Allerdings wird die amerikanische Anti-Terror-Perfomance nicht nur von den unerfreulichen Erfordernissen der Kriegsführung und von den weltpolitischen Ambitionen der EU behindert. Die realen, teilweise von den USA mit verursachten Macht- und Interessenverhältnisse in der Krisenregion machen deutlich, dass auch eine gewohnheitsmäßig auf Hegemonie orientierte Supermacht vorsichtig zu Werke gehen muss.

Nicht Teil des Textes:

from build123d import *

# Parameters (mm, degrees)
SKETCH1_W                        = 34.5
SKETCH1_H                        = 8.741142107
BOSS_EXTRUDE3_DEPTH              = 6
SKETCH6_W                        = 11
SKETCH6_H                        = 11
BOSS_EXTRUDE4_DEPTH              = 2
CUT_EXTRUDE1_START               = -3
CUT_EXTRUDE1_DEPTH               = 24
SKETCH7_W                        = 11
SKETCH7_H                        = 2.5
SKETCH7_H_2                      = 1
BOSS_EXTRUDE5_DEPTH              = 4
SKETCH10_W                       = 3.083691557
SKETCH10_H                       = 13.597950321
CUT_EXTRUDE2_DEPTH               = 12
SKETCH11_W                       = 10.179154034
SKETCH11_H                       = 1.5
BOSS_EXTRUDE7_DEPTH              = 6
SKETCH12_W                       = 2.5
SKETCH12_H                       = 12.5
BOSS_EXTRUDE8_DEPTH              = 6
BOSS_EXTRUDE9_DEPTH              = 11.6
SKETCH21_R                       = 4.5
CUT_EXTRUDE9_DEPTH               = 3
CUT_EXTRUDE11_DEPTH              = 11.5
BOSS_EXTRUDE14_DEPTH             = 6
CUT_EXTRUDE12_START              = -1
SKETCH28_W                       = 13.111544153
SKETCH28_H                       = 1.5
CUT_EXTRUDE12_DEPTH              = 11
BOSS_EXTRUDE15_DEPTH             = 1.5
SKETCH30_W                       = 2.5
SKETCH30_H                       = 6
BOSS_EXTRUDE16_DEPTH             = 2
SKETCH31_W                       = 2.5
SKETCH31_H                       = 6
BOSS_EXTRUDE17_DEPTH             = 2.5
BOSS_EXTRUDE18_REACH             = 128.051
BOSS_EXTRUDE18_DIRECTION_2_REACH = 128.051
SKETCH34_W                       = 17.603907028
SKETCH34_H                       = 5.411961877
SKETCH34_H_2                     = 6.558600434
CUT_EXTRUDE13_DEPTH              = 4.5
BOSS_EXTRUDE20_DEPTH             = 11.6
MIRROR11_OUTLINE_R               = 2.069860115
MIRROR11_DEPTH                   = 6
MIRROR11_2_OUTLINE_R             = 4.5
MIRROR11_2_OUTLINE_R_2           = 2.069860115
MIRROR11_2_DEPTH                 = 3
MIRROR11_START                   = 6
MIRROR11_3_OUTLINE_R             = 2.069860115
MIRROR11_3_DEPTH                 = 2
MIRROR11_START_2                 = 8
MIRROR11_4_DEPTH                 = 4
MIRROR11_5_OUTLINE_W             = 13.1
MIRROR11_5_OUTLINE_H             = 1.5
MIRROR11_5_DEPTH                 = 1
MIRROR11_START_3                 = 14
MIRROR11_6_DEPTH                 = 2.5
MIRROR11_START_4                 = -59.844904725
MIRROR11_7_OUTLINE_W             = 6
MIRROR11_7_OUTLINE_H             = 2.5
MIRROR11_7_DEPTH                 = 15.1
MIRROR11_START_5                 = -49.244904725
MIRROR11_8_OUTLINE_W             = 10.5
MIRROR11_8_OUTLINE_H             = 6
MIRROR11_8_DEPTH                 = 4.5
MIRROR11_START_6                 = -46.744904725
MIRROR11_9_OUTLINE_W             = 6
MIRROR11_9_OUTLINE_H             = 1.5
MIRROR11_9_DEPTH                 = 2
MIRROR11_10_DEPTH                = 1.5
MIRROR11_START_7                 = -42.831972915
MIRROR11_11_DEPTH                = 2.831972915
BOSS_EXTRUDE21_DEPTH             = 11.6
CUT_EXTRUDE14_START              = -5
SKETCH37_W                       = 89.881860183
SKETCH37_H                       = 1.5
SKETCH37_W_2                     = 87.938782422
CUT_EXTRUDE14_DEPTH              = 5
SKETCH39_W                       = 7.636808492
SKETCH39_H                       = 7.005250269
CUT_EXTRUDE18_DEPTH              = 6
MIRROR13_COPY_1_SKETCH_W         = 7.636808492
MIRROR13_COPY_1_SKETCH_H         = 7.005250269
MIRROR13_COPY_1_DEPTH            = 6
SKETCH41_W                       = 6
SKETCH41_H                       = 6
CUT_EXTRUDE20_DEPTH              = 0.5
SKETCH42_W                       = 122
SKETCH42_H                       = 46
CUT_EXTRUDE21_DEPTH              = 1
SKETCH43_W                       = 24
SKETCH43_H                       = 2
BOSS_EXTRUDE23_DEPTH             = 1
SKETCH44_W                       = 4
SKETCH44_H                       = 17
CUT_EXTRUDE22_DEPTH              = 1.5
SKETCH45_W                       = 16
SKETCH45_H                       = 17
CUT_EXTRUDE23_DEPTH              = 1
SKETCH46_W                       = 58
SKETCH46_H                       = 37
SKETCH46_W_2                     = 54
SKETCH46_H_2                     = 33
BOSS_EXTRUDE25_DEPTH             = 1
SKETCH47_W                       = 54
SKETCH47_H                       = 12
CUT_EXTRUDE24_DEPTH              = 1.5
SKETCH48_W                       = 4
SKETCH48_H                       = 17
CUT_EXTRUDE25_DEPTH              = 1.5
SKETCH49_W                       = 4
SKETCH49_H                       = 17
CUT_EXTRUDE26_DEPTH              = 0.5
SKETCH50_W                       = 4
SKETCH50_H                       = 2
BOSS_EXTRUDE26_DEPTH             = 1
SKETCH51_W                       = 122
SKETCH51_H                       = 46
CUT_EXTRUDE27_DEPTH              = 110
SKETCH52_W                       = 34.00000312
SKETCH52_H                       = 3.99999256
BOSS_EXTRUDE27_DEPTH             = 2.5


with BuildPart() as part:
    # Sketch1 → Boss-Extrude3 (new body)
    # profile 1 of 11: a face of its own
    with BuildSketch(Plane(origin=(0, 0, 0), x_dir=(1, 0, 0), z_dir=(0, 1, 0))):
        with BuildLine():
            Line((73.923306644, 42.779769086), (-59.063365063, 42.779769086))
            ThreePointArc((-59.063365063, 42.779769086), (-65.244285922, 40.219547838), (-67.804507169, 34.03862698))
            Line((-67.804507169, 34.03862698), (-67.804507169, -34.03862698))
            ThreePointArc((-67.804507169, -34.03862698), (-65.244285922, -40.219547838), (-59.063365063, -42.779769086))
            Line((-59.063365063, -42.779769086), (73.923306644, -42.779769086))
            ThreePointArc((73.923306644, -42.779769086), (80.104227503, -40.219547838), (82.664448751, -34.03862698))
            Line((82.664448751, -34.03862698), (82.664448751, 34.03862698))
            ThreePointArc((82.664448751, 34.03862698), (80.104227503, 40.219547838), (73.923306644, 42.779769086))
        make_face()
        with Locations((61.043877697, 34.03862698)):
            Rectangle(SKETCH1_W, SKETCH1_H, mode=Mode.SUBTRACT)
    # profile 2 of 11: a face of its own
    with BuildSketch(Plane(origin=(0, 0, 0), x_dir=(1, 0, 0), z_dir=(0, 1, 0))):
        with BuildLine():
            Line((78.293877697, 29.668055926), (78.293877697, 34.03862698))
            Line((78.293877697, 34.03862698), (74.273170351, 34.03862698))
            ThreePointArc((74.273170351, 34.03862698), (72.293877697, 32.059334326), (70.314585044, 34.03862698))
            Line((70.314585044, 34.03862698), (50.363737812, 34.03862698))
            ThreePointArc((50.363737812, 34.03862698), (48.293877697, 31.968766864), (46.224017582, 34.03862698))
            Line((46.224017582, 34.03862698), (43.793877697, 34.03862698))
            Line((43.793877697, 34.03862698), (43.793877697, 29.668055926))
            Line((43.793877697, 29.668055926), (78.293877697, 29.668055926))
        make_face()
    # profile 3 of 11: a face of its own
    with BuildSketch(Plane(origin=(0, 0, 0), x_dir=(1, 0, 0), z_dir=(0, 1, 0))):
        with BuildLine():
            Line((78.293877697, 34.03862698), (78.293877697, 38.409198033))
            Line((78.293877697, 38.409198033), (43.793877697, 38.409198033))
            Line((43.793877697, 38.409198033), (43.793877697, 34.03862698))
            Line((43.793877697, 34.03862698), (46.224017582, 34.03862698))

Diese Notwendigkeit wurde in der letzten Woche durch eine Szene beim Besuch des US-Außenministers in Pakistan illustriert. Neben Colin Powell am Mikrofon stehend, verlangte ausgerechnet der Militärdiktator Pervez Musharraf, eine künftige afghanische Regierung habe das ganze Volk und alle Ethnien zu repräsentieren und müsse von den Afghanen ohne äußere Einmischung selbst bestimmt werden. Das sollte heißen: Wenn die USA über die Nachfolger der Taliban entscheiden, will Pakistan mitreden und gegebenenfalls Fraktionen der islamistischen Ultras weiterhin an der Macht beteiligt wissen. Die USA sind derzeit genötigt, sich so etwas anzuhören, und vielleicht sogar, darauf einzugehen.

Die von den realpolitischen Verhältnissen erzwungene Verlogenheit der amerikanischen Antiterror-Kampagne, die sich nicht nur in der Zusammensetzung der Koalition und dem Ausschluss Israels zeigt, scheint derzeit in der Idee zu gipfeln, den teilweise ebenfalls islamistisch inspirierten Mörderbanden der Nordallianz in der künftigen Verwaltung Afghanistans eine wichtige Funktion zu übertragen.

Wenn diese Version einer Warlord-Herrschaft, die am vergangenen Samstag von Außenminister Fischer unterstützt wurde, genügend Sicherheiten bietet, dass der Terror sich demnächst wieder in der Region austobt und nicht weiterhin in die USA exportiert wird, dürfte Washington kaum zögern, Zivilisation und Barbarei wieder einmal kurzzuschließen.

Nichts anderes hat US-Verteidigungsminister Rumsfeld mit seiner Bemerkung gemeint, der Krieg gegen den Terror werde eine Vielzahl von wechselnden Koalitionen erleben. In Berlin wird man eine solche Dynamik als Chance begreifen. In Tel Aviv nicht.